He only has two questions, but lots of answers, I would expect more questions if he was trolling.


----------



## russell28 (Apr 17, 2013)

oshmikeosh 6 days
She is due in October, thanks. I already have kids.


oshmikeosh 6 days
And Erin, we have become close friends at work so she has told me about a lot of personal things.

oshmikeosh 6 days
Didn't have protection because we didn't plan on having sex. She also wasn't getting pregnant and we were drunk so we just figured we'd do it and be careful.



ℓчşşά answered 6 days ago
Run your car off the troll hill.

1
Comments (1)

oshmikeosh 6 days
WTF are you talking about?

Some of his comments to the replies.


----------



## dre43 (Feb 25, 2013)

Trust me... I have seen all the responses. Just biding my time... I have to figure out how I'm going to let him know that I know. I feel like such a fool... so many chances I've given him in the past. I'm a good person... I know I don't deserve any of this. But, it's also hard because we have a daughter together. But, I can't keep letting things go on this way. He needs to be made accountable. I want so much to approach her too. But, not yet. The good thing.... we're NOT married, but may as well be. We've been in this relationship for nearly 8 years. My biggest problem is that I'm too trusting. I want to believe what he tells me. But, my gut tells me differently.


----------



## dre43 (Feb 25, 2013)

Oh... and let me say... I do know that it is him. No one else is posting on his behalf.


----------



## EleGirl (Dec 3, 2011)

You have proof that he cheated in that he is talking about it online. That's enough to end the relationship over.

Why do you need anything else to leave him?


----------



## russell28 (Apr 17, 2013)

dre43 said:


> Oh... and let me say... I do know that it is him. No one else is posting on his behalf.

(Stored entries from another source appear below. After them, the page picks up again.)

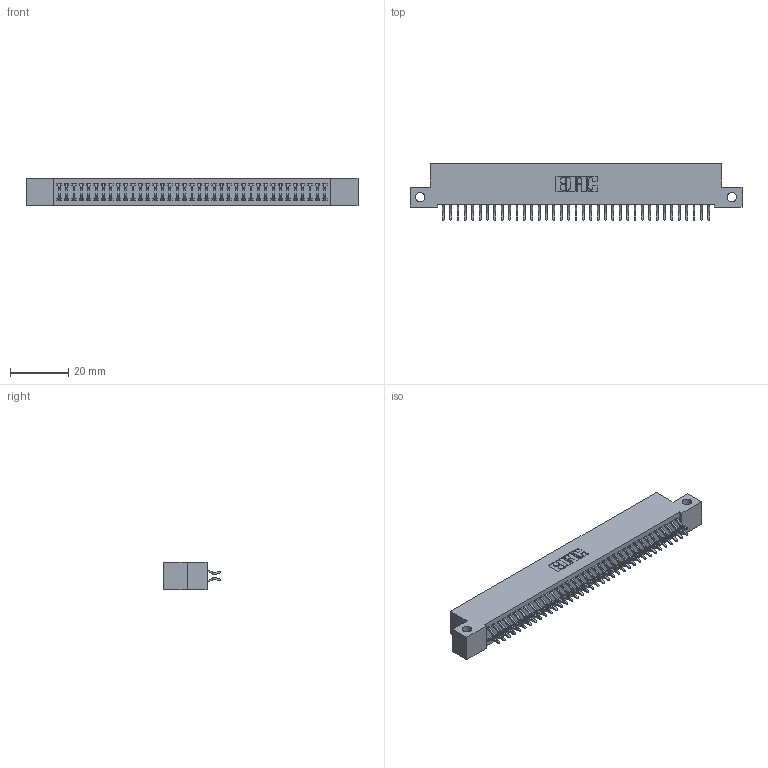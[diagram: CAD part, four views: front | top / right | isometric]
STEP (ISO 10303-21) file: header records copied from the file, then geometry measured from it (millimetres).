
FILE_DESCRIPTION (( 'STEP AP203' ), '1' );
FILE_NAME ('342-074-556-212.STEP', '2019-10-03T17:27:23', ( '' ), ( '' ), 'SwSTEP 2.0', 'SolidWorks 2016', '' );
FILE_SCHEMA (( 'CONFIG_CONTROL_DESIGN' ));
Length unit declared in the file: inch
Products named in the file (3): 342 Part_Side Mount; 345-292-001_556 Tail; 342-074-556-212
Assembly tree (75 placements, depth 2):
  342-074-556-212
    342 Part_Side Mount
    345-292-001_556 Tail  x74
Bounding box: 114.3 x 19.58 x 9.4 mm (x, y, z)
Volume: 10170.4 mm3; surface area: 16200.1 mm2
Topology: 75 solids, 75 shells, 4402 faces, 13101 edges, 8634 vertices
Faces by surface type: plane 3026, cylinder 1376
Entity records: 24541 total; most frequent: CARTESIAN_POINT 4086, ORIENTED_EDGE 4010, DIRECTION 3489, EDGE_CURVE 2005, VECTOR 1869, LINE 1869, VERTEX_POINT 1334, AXIS2_PLACEMENT_3D 810

How do you know, are you really him? He does seem to spend quite a bit of time in womans health and responding to trolls that claim to be 14 years old.. How are you familiar with (his) trolling, what has "he" done before?


----------



## dre43 (Feb 25, 2013)

No, I'm not really him!! Last year, I discovered a lot of emails back and forth with TS Escorts. I finally did confront him. But, I got the excuse that he's sick and wanted to see what kind of responses he would get. I don't completely believe him but he said he would stop the behavior because he knew how much it hurt me. In the midst of all my "research", I had discovered conversations with friends of his on FB. I found out about the attraction to his coworker last year. He knows I wasn't happy about it, but I decided to try and get past it and work on our relationship. He is also diagnosed with depression and takes medication for it. He is pretty messed up and I've tried to stick by him through it all. So, when I saw the most recent post about this coworker, it made me think he was doing it again... trying to see what type of responses he would get from it. Stupid, I know. That's what I wanted to believe anyway.


----------



## EleGirl (Dec 3, 2011)

dre43 said:


> No, I'm not really him!! Last year, I discovered a lot of emails back and forth with TS Escorts. I finally did confront him. But, I got the excuse that he's sick and wanted to see what kind of responses he would get. I don't completely believe him but he said he would stop the behavior because he knew how much it hurt me. In the midst of all my "research", I had discovered conversations with friends of his on FB. I found out about the attraction to his coworker last year. He knows I wasn't happy about it, but I decided to try and get past it and work on our relationship. He is also diagnosed with depression and takes medication for it. He is pretty messed up and I've tried to stick by him through it all. So, when I saw the most recent post about this coworker, it made me think he was doing it again... trying to see what type of responses he would get from it. Stupid, I know. That's what I wanted to believe anyway.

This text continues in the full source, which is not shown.